### Work to complete:
Would you return the lines between the one holding "line L32 (-26.9913, 2.15)" and the one holding "line L6 (-6.4, 7.3) -> (-6.4, 3.8)", inclusive, and only those, exactly as they stand in the listing below?
[Data to process — start]
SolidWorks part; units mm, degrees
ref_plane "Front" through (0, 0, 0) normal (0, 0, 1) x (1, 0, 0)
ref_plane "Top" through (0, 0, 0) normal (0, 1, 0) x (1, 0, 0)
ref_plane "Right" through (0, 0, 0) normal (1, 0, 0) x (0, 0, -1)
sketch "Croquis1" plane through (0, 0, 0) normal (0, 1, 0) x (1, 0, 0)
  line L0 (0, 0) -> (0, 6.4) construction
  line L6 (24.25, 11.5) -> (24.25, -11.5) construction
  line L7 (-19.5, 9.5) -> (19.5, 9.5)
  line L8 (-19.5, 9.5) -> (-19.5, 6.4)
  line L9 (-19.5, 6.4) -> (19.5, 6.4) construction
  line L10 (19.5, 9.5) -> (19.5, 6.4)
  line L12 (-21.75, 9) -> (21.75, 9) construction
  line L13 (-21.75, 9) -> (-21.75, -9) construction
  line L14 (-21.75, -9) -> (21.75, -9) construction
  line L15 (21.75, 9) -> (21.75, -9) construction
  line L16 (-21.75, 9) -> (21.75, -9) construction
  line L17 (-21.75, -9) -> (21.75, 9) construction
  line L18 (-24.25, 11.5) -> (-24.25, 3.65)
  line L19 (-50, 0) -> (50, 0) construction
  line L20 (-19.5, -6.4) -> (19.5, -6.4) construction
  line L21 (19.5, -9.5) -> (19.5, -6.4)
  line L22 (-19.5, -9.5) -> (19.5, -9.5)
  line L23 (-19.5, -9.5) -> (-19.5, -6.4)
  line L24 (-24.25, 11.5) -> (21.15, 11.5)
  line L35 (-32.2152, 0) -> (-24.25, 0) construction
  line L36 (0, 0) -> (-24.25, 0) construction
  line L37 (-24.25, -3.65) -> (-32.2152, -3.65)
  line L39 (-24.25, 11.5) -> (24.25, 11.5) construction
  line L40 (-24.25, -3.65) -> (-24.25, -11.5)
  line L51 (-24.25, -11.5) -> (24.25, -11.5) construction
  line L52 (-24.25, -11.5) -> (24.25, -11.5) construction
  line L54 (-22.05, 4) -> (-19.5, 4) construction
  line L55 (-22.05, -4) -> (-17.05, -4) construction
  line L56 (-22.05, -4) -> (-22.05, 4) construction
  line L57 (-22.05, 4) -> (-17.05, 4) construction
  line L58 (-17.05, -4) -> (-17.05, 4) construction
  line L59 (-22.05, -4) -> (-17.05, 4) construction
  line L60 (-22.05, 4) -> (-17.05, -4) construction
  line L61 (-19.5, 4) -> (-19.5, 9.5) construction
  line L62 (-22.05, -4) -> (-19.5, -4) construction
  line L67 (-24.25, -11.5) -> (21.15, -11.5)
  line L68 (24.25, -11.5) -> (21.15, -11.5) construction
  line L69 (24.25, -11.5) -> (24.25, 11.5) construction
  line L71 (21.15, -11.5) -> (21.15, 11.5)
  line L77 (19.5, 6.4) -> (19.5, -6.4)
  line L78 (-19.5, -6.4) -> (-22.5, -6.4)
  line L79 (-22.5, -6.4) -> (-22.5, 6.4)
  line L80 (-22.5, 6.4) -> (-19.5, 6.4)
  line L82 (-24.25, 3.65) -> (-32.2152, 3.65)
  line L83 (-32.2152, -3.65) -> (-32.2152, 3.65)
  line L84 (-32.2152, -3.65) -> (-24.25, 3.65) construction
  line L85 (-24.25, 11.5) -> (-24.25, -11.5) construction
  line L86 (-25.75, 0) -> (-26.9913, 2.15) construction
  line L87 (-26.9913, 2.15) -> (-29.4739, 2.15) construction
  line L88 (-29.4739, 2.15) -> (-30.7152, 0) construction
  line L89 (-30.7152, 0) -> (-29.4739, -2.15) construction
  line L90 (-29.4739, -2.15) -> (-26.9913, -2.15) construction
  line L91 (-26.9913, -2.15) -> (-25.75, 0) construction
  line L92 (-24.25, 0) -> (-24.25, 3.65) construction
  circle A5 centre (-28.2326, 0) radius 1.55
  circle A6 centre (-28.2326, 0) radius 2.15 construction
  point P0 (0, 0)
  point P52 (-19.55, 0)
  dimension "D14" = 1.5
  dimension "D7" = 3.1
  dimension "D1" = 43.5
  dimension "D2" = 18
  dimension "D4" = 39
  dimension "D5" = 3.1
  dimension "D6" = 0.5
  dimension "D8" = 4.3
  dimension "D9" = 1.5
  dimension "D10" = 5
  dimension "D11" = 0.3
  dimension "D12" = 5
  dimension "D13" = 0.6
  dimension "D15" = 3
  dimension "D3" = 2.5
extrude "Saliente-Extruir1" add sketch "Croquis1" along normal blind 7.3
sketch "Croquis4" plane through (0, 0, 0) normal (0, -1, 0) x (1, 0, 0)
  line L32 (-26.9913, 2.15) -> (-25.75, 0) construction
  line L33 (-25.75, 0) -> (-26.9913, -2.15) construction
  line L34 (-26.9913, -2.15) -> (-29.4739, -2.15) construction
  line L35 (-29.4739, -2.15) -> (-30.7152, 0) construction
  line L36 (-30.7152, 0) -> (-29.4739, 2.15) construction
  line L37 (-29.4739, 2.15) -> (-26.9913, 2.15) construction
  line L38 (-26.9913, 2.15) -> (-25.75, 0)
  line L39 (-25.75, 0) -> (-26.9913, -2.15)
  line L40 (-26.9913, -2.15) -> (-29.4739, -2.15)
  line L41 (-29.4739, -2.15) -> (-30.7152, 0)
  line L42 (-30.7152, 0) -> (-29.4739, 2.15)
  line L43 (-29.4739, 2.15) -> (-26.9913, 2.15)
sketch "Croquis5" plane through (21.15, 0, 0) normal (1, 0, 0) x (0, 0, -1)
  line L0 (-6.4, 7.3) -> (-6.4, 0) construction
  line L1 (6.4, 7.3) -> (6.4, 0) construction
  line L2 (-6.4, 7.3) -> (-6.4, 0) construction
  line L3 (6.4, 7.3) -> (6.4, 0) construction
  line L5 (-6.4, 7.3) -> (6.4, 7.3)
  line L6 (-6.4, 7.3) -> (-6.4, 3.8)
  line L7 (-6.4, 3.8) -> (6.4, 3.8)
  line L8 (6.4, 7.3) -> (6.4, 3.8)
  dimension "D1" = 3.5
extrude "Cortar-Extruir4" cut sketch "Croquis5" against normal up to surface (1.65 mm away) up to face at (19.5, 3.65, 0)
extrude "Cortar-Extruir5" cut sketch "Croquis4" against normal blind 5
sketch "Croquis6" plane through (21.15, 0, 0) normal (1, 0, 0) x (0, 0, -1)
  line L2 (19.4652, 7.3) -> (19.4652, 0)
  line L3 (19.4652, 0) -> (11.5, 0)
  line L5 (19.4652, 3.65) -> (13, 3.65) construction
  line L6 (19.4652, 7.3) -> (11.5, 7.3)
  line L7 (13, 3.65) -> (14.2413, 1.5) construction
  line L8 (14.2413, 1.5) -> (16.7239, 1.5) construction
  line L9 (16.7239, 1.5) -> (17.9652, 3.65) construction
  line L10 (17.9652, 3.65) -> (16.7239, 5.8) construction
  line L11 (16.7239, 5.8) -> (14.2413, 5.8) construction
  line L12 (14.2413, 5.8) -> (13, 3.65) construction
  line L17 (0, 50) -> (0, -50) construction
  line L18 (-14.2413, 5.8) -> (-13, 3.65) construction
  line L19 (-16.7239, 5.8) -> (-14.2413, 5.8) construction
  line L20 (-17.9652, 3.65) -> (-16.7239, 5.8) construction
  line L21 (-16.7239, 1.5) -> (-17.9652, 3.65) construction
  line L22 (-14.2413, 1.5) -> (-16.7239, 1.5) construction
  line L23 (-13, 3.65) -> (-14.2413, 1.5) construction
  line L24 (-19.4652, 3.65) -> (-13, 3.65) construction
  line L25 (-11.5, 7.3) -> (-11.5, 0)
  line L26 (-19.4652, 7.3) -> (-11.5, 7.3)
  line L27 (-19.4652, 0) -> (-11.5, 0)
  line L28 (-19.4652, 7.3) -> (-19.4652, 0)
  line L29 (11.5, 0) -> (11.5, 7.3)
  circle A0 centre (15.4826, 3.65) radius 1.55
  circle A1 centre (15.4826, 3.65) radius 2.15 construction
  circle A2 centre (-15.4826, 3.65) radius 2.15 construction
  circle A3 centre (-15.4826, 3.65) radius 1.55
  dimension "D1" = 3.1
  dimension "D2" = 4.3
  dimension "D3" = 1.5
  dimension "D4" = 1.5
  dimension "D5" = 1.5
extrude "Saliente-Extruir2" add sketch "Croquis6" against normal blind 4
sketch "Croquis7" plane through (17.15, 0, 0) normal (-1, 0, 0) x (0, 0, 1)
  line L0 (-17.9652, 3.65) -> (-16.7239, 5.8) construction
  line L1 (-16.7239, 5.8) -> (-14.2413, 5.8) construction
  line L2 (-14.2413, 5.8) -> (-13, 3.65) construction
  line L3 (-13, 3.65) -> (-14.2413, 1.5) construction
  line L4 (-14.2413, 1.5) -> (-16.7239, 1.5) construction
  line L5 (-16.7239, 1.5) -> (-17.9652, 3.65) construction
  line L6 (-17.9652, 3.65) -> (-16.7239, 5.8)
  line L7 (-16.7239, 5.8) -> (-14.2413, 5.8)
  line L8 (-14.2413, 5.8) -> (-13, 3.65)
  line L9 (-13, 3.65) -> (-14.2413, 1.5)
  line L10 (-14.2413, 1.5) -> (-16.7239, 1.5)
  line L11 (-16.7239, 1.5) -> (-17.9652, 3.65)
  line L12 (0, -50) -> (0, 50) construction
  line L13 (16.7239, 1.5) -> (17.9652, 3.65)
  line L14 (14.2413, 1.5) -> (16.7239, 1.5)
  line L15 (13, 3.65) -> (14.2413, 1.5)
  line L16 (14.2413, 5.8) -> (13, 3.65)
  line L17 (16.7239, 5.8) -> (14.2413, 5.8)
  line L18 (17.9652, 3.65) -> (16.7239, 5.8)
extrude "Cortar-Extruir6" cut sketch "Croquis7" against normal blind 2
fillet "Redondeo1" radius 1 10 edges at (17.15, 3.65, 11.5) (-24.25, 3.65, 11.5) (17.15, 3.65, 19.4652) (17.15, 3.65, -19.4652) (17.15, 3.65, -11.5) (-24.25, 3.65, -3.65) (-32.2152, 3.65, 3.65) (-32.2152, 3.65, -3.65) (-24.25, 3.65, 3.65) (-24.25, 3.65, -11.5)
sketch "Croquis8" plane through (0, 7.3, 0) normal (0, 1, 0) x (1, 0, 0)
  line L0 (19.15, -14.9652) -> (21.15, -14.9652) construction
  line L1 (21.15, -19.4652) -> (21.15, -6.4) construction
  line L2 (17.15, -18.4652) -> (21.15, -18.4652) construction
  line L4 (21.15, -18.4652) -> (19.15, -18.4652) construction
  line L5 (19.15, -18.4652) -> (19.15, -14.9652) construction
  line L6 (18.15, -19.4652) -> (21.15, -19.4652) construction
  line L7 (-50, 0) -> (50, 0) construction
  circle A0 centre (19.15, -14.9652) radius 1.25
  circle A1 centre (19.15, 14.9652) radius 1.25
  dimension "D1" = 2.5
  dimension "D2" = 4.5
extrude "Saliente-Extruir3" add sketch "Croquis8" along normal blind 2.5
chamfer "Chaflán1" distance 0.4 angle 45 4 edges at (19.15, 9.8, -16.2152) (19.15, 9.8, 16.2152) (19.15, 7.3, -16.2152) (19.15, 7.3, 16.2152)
[Data to process — finish]
### Task output:
  line L32 (-26.9913, 2.15) -> (-25.75, 0) construction
  line L33 (-25.75, 0) -> (-26.9913, -2.15) construction
  line L34 (-26.9913, -2.15) -> (-29.4739, -2.15) construction
  line L35 (-29.4739, -2.15) -> (-30.7152, 0) construction
  line L36 (-30.7152, 0) -> (-29.4739, 2.15) construction
  line L37 (-29.4739, 2.15) -> (-26.9913, 2.15) construction
  line L38 (-26.9913, 2.15) -> (-25.75, 0)
  line L39 (-25.75, 0) -> (-26.9913, -2.15)
  line L40 (-26.9913, -2.15) -> (-29.4739, -2.15)
  line L41 (-29.4739, -2.15) -> (-30.7152, 0)
  line L42 (-30.7152, 0) -> (-29.4739, 2.15)
  line L43 (-29.4739, 2.15) -> (-26.9913, 2.15)
sketch "Croquis5" plane through (21.15, 0, 0) normal (1, 0, 0) x (0, 0, -1)
  line L0 (-6.4, 7.3) -> (-6.4, 0) construction
  line L1 (6.4, 7.3) -> (6.4, 0) construction
  line L2 (-6.4, 7.3) -> (-6.4, 0) construction
  line L3 (6.4, 7.3) -> (6.4, 0) construction
  line L5 (-6.4, 7.3) -> (6.4, 7.3)
  line L6 (-6.4, 7.3) -> (-6.4, 3.8)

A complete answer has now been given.